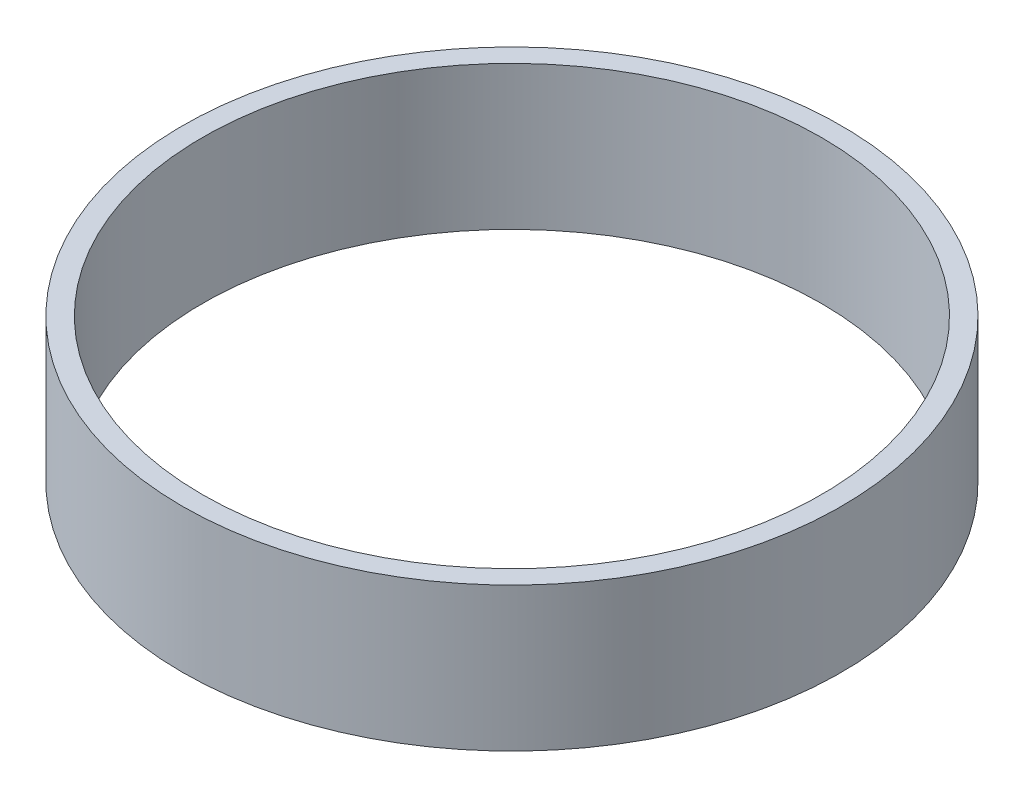
ISO-10303-21;
HEADER;
FILE_DESCRIPTION(('STEP AP214'),'2;1');
FILE_NAME('part.step','',(''),(''),'','','');
FILE_SCHEMA(('AUTOMOTIVE_DESIGN { 1 0 10303 214 1 1 1 1 }'));
ENDSEC;
DATA;
#1=APPLICATION_CONTEXT('core data for automotive mechanical design processes');
#2=APPLICATION_PROTOCOL_DEFINITION('international standard','automotive_design',2000,#1);
#3=PRODUCT_CONTEXT('',#1,'mechanical');
#4=PRODUCT('Part','Part','',(#3));
#5=PRODUCT_RELATED_PRODUCT_CATEGORY('part','',(#4));
#6=PRODUCT_DEFINITION_FORMATION('','',#4);
#7=PRODUCT_DEFINITION_CONTEXT('part definition',#1,'design');
#8=PRODUCT_DEFINITION('design','',#6,#7);
#9=PRODUCT_DEFINITION_SHAPE('','',#8);
#10=(LENGTH_UNIT() NAMED_UNIT(*) SI_UNIT(.MILLI.,.METRE.));
#11=(NAMED_UNIT(*) PLANE_ANGLE_UNIT() SI_UNIT($,.RADIAN.));
#12=(NAMED_UNIT(*) SI_UNIT($,.STERADIAN.) SOLID_ANGLE_UNIT());
#13=UNCERTAINTY_MEASURE_WITH_UNIT(LENGTH_MEASURE(1.E-05),#10,'distance_accuracy_value','');
#14=(GEOMETRIC_REPRESENTATION_CONTEXT(3) GLOBAL_UNCERTAINTY_ASSIGNED_CONTEXT((#13)) GLOBAL_UNIT_ASSIGNED_CONTEXT((#10,
#11,#12)) REPRESENTATION_CONTEXT('',''));
#15=CARTESIAN_POINT('',(0.,0.,0.));
#16=DIRECTION('',(0.,0.,1.));
#17=DIRECTION('',(1.,0.,0.));
#18=AXIS2_PLACEMENT_3D('',#15,#16,#17);
#19=CARTESIAN_POINT('',(0.,12.7,0.));
#20=DIRECTION('',(0.,1.,0.));
#21=DIRECTION('',(0.,0.,1.));
#22=AXIS2_PLACEMENT_3D('',#19,#20,#21);
#23=PLANE('',#22);
#24=CARTESIAN_POINT('',(0.,12.7,0.));
#25=DIRECTION('',(0.,1.,0.));
#26=DIRECTION('',(0.,0.,1.));
#27=AXIS2_PLACEMENT_3D('',#24,#25,#26);
#28=CIRCLE('',#27,29.1084);
#29=CARTESIAN_POINT('',(0.,12.7,29.1084));
#30=VERTEX_POINT('',#29);
#31=EDGE_CURVE('E10',#30,#30,#28,.T.);
#32=ORIENTED_EDGE('',*,*,#31,.T.);
#33=EDGE_LOOP('',(#32));
#34=FACE_BOUND('',#33,.T.);
#35=CARTESIAN_POINT('',(0.,12.7,0.));
#36=DIRECTION('',(0.,1.,0.));
#37=DIRECTION('',(0.,0.,1.));
#38=AXIS2_PLACEMENT_3D('',#35,#36,#37);
#39=CIRCLE('',#38,27.3304);
#40=CARTESIAN_POINT('',(0.,12.7,27.3304));
#41=VERTEX_POINT('',#40);
#42=EDGE_CURVE('E48',#41,#41,#39,.T.);
#43=ORIENTED_EDGE('',*,*,#42,.F.);
#44=EDGE_LOOP('',(#43));
#45=FACE_BOUND('',#44,.T.);
#46=ADVANCED_FACE('F37',(#34,#45),#23,.T.);
#47=CARTESIAN_POINT('',(0.,0.,0.));
#48=DIRECTION('',(0.,1.,0.));
#49=DIRECTION('',(0.,0.,1.));
#50=AXIS2_PLACEMENT_3D('',#47,#48,#49);
#51=PLANE('',#50);
#52=CARTESIAN_POINT('',(0.,0.,0.));
#53=DIRECTION('',(0.,1.,0.));
#54=DIRECTION('',(0.,0.,1.));
#55=AXIS2_PLACEMENT_3D('',#52,#53,#54);
#56=CIRCLE('',#55,29.1084);
#57=CARTESIAN_POINT('',(0.,0.,29.1084));
#58=VERTEX_POINT('',#57);
#59=EDGE_CURVE('E41',#58,#58,#56,.T.);
#60=ORIENTED_EDGE('',*,*,#59,.F.);
#61=EDGE_LOOP('',(#60));
#62=FACE_BOUND('',#61,.T.);
#63=CARTESIAN_POINT('',(0.,0.,0.));
#64=DIRECTION('',(0.,1.,0.));
#65=DIRECTION('',(0.,0.,1.));
#66=AXIS2_PLACEMENT_3D('',#63,#64,#65);
#67=CIRCLE('',#66,27.3304);
#68=CARTESIAN_POINT('',(0.,0.,27.3304));
#69=VERTEX_POINT('',#68);
#70=EDGE_CURVE('E50',#69,#69,#67,.T.);
#71=ORIENTED_EDGE('',*,*,#70,.T.);
#72=EDGE_LOOP('',(#71));
#73=FACE_BOUND('',#72,.T.);
#74=ADVANCED_FACE('F60',(#62,#73),#51,.F.);
#75=CARTESIAN_POINT('',(0.,12.7,0.));
#76=DIRECTION('',(0.,-1.,0.));
#77=DIRECTION('',(0.,0.,-1.));
#78=AXIS2_PLACEMENT_3D('',#75,#76,#77);
#79=CYLINDRICAL_SURFACE('',#78,29.1084);
#80=ORIENTED_EDGE('',*,*,#31,.F.);
#81=EDGE_LOOP('',(#80));
#82=FACE_BOUND('',#81,.T.);
#83=ORIENTED_EDGE('',*,*,#59,.T.);
#84=EDGE_LOOP('',(#83));
#85=FACE_BOUND('',#84,.T.);
#86=ADVANCED_FACE('F39',(#82,#85),#79,.T.);
#87=CARTESIAN_POINT('',(0.,12.7,0.));
#88=DIRECTION('',(0.,-1.,0.));
#89=DIRECTION('',(0.,0.,-1.));
#90=AXIS2_PLACEMENT_3D('',#87,#88,#89);
#91=CYLINDRICAL_SURFACE('',#90,27.3304);
#92=ORIENTED_EDGE('',*,*,#42,.T.);
#93=EDGE_LOOP('',(#92));
#94=FACE_BOUND('',#93,.T.);
#95=ORIENTED_EDGE('',*,*,#70,.F.);
#96=EDGE_LOOP('',(#95));
#97=FACE_BOUND('',#96,.T.);
#98=ADVANCED_FACE('F56',(#94,#97),#91,.F.);
#99=CLOSED_SHELL('',(#46,#74,#86,#98));
#100=MANIFOLD_SOLID_BREP('B2',#99);
#101=ADVANCED_BREP_SHAPE_REPRESENTATION('',(#18,#100),#14);
#102=SHAPE_DEFINITION_REPRESENTATION(#9,#101);
ENDSEC;
END-ISO-10303-21;

_ _ _

Only lines of the data holding the word "CIRCLE" go in the answer. Please copy each of them.

Written answer:
#28=CIRCLE('',#27,29.1084);
#39=CIRCLE('',#38,27.3304);
#56=CIRCLE('',#55,29.1084);
#67=CIRCLE('',#66,27.3304);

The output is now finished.